Лизи смотрела в чёрную дыру в стволе пистолета и чувствовала, как слабеют ноги. В руке он держал не игрушку калибра 0,22 дюйма, а настоящую «пушку», большой автоматический (она решила, что автоматический) пистолет, пули которого оставляли за собой огромные дыры. Лизи присела на край стола. Если бы стола в том месте не оказалось, плюхнулась бы задом на пол. На мгновение решила, что вот-вот надует в штаны, но в последний момент сумела удержать мочу в положенном месте. По крайней мере на какое-то время.

– Берите что хотите, – прошептала она сквозь не желавшие шевелиться, будто накачанные новокаином губы. – Берите всё.

– Пойдёмте наверх, миссас, – ответил он. – Мы поговорим наверху.

Одна мысль о том, что она окажется в кабинете Скотта наедине с этим человеком, наполнили её ужасом и отвращением.

– Нет. Берите бумаги и уходите. Оставьте меня одну;

Он терпеливо смотрел на неё. По первому взгляду он выглядел лет на тридцать пять. Потом она увидела веера морщинок в уголках глаз и рта и решила, что он на пять лет старше, как минимум на пять.

– Наверх, миссас, если вы не хотите начать наше общение с дырки в стопе. Это болезненный способ ведения деловых переговоров. В стопе множество костей и сухожилий.

– Ты не… ты не решишься… шум… – С каждым словом собственный голос всё удалялся от неё. Словно голос находился в поезде, и поезд отходил от станции; её голос высовывался из окна; нежно с ней прощаясь. Бай-бай, маленькая Лизи, голос должен покинуть тебя, скоро ты станешь немой.

– Шум меня нисколько не тревожит. – Дули, похоже, забавляло происходящее. – Ваших ближайших соседей дома нет, полагаю, уехали на работу, а ваш домашний полицейский отбыл по каким-то делам. – Улыбка с лица ушла, но веселье осталось. – Что-то вы посерели.

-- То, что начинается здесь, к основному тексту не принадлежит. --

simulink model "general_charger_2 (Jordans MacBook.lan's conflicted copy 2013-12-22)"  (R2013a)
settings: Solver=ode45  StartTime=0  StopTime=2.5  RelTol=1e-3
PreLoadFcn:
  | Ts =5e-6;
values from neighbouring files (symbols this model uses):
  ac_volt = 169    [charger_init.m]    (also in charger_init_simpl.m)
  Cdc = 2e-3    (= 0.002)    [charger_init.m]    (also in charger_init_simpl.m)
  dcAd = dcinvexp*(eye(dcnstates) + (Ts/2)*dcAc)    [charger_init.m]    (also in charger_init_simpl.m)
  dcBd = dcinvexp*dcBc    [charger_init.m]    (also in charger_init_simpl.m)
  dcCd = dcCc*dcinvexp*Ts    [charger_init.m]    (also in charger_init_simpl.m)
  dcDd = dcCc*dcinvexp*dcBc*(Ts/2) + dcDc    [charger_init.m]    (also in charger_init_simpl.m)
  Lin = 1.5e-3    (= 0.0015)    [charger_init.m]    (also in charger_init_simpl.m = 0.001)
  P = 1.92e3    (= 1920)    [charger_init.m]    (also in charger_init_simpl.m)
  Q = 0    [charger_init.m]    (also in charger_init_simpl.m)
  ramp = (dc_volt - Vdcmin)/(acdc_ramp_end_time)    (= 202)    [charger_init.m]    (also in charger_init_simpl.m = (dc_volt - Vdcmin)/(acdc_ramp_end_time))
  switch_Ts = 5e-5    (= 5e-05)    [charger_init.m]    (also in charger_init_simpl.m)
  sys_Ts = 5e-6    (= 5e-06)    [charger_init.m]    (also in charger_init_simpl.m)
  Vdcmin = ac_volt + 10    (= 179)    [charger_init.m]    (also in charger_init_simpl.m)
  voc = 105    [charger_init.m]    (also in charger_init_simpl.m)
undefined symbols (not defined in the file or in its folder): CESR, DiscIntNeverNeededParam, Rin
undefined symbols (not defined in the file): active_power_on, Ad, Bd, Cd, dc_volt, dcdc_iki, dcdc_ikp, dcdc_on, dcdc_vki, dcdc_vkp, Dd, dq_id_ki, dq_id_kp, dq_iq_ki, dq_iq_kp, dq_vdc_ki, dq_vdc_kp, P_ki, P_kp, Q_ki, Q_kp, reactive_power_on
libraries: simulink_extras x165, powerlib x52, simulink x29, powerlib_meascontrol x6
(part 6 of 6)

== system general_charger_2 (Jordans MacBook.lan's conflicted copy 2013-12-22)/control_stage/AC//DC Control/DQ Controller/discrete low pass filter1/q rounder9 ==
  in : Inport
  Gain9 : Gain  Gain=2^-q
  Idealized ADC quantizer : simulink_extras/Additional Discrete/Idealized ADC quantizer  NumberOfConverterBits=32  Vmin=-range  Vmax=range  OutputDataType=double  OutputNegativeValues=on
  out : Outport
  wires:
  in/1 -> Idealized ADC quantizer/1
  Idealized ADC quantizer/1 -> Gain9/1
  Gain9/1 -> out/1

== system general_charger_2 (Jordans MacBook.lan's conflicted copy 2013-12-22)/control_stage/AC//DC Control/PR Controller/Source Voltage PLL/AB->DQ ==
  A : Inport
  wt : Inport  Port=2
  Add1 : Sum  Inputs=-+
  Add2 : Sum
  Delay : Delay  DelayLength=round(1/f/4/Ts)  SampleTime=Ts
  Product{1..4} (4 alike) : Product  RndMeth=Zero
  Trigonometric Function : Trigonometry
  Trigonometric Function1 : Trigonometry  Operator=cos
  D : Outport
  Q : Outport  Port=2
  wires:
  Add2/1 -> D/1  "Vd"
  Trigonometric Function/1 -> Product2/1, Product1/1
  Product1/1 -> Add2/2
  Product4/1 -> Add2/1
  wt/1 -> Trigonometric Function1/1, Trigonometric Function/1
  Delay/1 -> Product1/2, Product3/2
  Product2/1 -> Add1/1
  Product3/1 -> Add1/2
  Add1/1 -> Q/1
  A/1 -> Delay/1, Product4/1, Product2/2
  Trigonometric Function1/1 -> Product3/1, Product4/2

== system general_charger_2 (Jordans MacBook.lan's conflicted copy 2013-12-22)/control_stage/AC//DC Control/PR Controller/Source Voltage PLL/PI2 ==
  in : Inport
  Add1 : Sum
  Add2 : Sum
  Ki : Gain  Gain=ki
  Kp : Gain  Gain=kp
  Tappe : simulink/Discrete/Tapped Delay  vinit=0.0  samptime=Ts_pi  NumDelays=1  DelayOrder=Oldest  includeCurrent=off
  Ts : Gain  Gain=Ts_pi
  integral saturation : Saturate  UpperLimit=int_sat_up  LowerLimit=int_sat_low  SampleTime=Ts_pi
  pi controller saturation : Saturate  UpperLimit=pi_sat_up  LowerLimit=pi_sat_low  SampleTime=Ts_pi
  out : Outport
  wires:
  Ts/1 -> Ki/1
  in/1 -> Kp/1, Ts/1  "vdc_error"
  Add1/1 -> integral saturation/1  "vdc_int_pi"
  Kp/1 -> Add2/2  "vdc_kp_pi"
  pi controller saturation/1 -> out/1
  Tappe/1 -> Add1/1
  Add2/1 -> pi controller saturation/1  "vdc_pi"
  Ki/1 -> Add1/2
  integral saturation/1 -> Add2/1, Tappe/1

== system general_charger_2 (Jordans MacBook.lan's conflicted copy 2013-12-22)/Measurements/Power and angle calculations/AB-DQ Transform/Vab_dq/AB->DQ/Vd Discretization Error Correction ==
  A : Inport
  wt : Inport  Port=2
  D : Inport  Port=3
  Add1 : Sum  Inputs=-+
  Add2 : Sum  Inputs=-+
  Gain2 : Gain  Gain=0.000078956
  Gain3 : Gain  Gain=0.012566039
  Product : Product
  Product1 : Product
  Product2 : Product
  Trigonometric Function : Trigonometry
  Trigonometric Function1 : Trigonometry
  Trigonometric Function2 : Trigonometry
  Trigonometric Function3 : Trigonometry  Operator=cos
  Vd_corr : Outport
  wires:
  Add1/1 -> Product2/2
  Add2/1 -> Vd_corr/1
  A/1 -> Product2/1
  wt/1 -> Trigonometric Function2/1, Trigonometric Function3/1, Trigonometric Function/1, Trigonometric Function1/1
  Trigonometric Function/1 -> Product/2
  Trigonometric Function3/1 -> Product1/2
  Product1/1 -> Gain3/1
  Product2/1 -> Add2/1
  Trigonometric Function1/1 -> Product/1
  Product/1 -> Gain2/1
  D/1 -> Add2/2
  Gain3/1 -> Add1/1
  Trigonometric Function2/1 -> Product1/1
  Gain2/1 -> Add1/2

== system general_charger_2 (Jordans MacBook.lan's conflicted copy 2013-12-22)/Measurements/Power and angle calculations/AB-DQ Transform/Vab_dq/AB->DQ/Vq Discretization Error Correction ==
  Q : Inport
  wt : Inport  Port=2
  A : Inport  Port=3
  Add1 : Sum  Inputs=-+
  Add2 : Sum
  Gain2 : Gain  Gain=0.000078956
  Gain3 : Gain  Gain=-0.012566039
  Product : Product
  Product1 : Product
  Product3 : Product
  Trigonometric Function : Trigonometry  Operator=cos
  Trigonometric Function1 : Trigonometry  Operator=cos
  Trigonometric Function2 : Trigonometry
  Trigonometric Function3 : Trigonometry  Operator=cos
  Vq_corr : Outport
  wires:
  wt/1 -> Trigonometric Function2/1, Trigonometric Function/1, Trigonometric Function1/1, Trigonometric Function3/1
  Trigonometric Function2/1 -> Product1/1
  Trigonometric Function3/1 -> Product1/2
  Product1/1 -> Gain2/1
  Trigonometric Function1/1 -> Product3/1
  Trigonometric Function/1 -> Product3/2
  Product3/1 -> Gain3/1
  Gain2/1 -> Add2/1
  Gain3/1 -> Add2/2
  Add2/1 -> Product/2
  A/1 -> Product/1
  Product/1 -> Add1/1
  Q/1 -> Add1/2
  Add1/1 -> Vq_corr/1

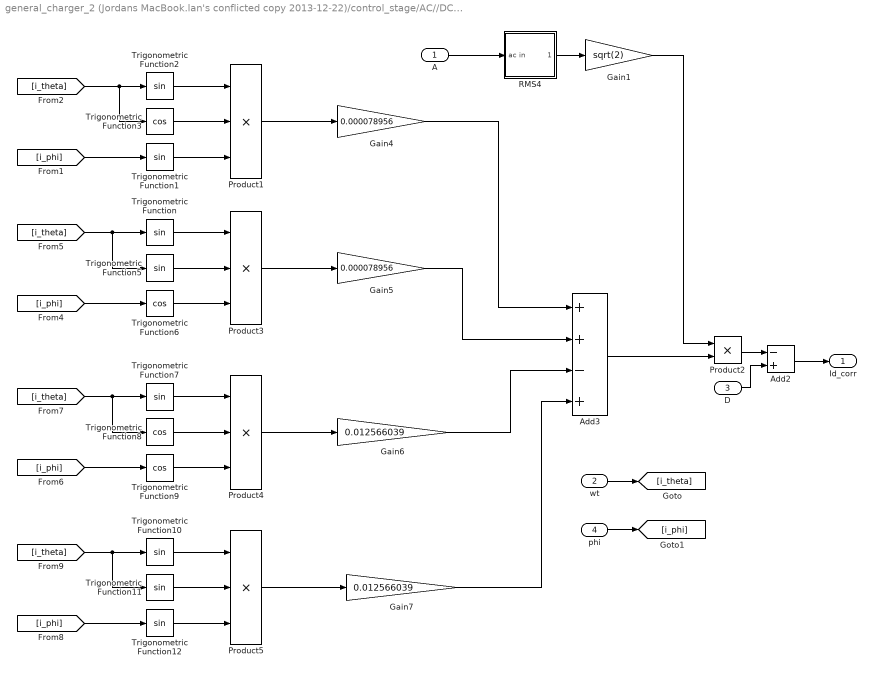
== system general_charger_2 (Jordans MacBook.lan's conflicted copy 2013-12-22)/control_stage/AC//DC Control/DQ Controller/AB-DQ Transform/AB->DQ/Id Discretization Error Correction ==
  A : Inport
  wt : Inport  Port=2
  D : Inport  Port=3
  phi : Inport  Port=4
  Add2 : Sum  Inputs=-+
  Add3 : Sum  Inputs=++-+
  Gain1 : Gain  Gain=sqrt(2)
  Gain4 : Gain  Gain=0.000078956
  Gain5 : Gain  Gain=0.000078956
  Gain6 : Gain  Gain=0.012566039
  Gain7 : Gain  Gain=0.012566039
  Product{1,3..5} (4 alike) : Product  Inputs=3
  Product2 : Product
  RMS4 : Subsystem  mask{f=60, rms_Ts=4e-4}
      mask prompts: f "Fundamental Frequency"; rms_Ts "Sample Time"
      mask init:
      | SpC=1/f/rms_Ts;
      | RSpC=ceil(SpC);
      | Delay=RSpC*rms_Ts;
      | Corr1=(SpC-RSpC)/2;
      | Corr2=(SpC-RSpC)/SpC;
      | K1=Corr1*Corr2;
      | K2=Corr2 + Corr1*Corr2;
      mask Display: disp('RMS')
  Trigonometric Function{,1..2,5,7,10..12} (8 alike) : Trigonometry
  Trigonometric Function{3,6,8..9} (4 alike) : Trigonometry  Operator=cos
  Id_corr : Outport
  wires:
  Add2/1 -> Id_corr/1
  Product2/1 -> Add2/1
  D/1 -> Add2/2
  wt/1 -> [i_theta]
  phi/1 -> [i_phi]
  [i_theta] -> Trigonometric Function3/1, Trigonometric Function2/1
  [i_phi] -> Trigonometric Function1/1
  Trigonometric Function1/1 -> Product1/3
  Trigonometric Function2/1 -> Product1/1
  Trigonometric Function3/1 -> Product1/2
  Product1/1 -> Gain4/1
  [i_theta] -> Trigonometric Function5/1, Trigonometric Function/1
  [i_phi] -> Trigonometric Function6/1
  Trigonometric Function5/1 -> Product3/2
  Trigonometric Function/1 -> Product3/1
  Trigonometric Function6/1 -> Product3/3
  [i_theta] -> Trigonometric Function8/1, Trigonometric Function7/1
  [i_phi] -> Trigonometric Function9/1
  Trigonometric Function8/1 -> Product4/2
  Trigonometric Function7/1 -> Product4/1
  Trigonometric Function9/1 -> Product4/3
  [i_theta] -> Trigonometric Function11/1, Trigonometric Function10/1
  [i_phi] -> Trigonometric Function12/1
  Trigonometric Function11/1 -> Product5/2
  Trigonometric Function10/1 -> Product5/1
  Trigonometric Function12/1 -> Product5/3
  Product3/1 -> Gain5/1
  Product4/1 -> Gain6/1
  Product5/1 -> Gain7/1
  Gain4/1 -> Add3/1
  Gain5/1 -> Add3/2
  Gain6/1 -> Add3/3
  Gain7/1 -> Add3/4
  Add3/1 -> Product2/2
  Gain1/1 -> Product2/1
  RMS4/1(rms out) -> Gain1/1
  A/1 -> RMS4/1(ac in)

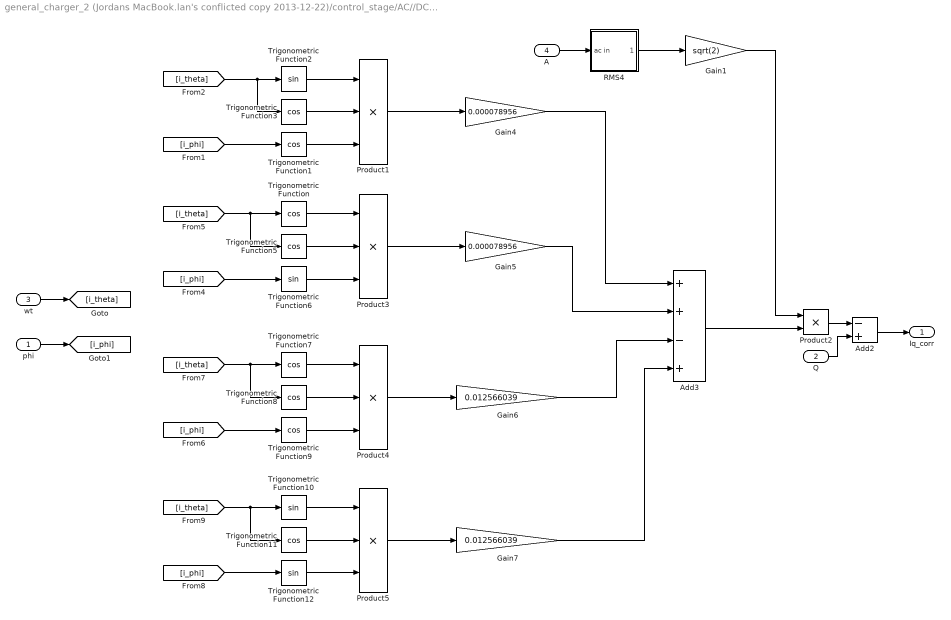
== system general_charger_2 (Jordans MacBook.lan's conflicted copy 2013-12-22)/control_stage/AC//DC Control/DQ Controller/AB-DQ Transform/AB->DQ/Iq Discretization Error Correction ==
  phi : Inport
  Q : Inport  Port=2
  wt : Inport  Port=3
  A : Inport  Port=4
  Add2 : Sum  Inputs=-+
  Add3 : Sum  Inputs=++-+
  Gain1 : Gain  Gain=sqrt(2)
  Gain4 : Gain  Gain=0.000078956
  Gain5 : Gain  Gain=0.000078956
  Gain6 : Gain  Gain=0.012566039
  Gain7 : Gain  Gain=0.012566039
  Product{1,3..5} (4 alike) : Product  Inputs=3
  Product2 : Product
  RMS4 : Subsystem  mask{f=60, rms_Ts=4e-4}
      mask prompts: f "Fundamental Frequency"; rms_Ts "Sample Time"
      mask init:
      | SpC=1/f/rms_Ts;
      | RSpC=ceil(SpC);
      | Delay=RSpC*rms_Ts;
      | Corr1=(SpC-RSpC)/2;
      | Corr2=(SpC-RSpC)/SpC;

Полагаю, моё появление для вас – сильный шок. Похоже, вы сейчас хлопнетесь в обморок, миссас. Если хлопнетесь, избавите меня от одной работёнки.

– Перестань… перестань называть меня… – «Миссас», вот каким словом она хотела закончить предложение, но огромные пологи поглотили её, серые и тёмно-серые. И прежде чем они стали совсем чёрными и отсекли от неё окружающий мир, Лизи увидела, как Дули засовывает пистолет за брючный ремень («Отстрели себе яйца, – подумала Лизи. – Сделай всем одолжение».) и бросается вперёд, чтобы подхватить её. Она не знала, успел ли он. Потеряла сознание до того, как он её подхватил, или она грохнулась на пол.

 

4

 

Она почувствовала, как что-то гладит её лицо, и поначалу подумала, что какая-то собака лижет её языком, может, Луиза. Да только Луи, колли, жила в их доме в Лисбон-Фоллс, а городок этот остался в далёком прошлом. У них со Скоттом никогда не было собаки, потому что у них не было детей, а одно сочеталось со вторым так же естественно, как ореховое масло сочетается с желе или клубника и сл…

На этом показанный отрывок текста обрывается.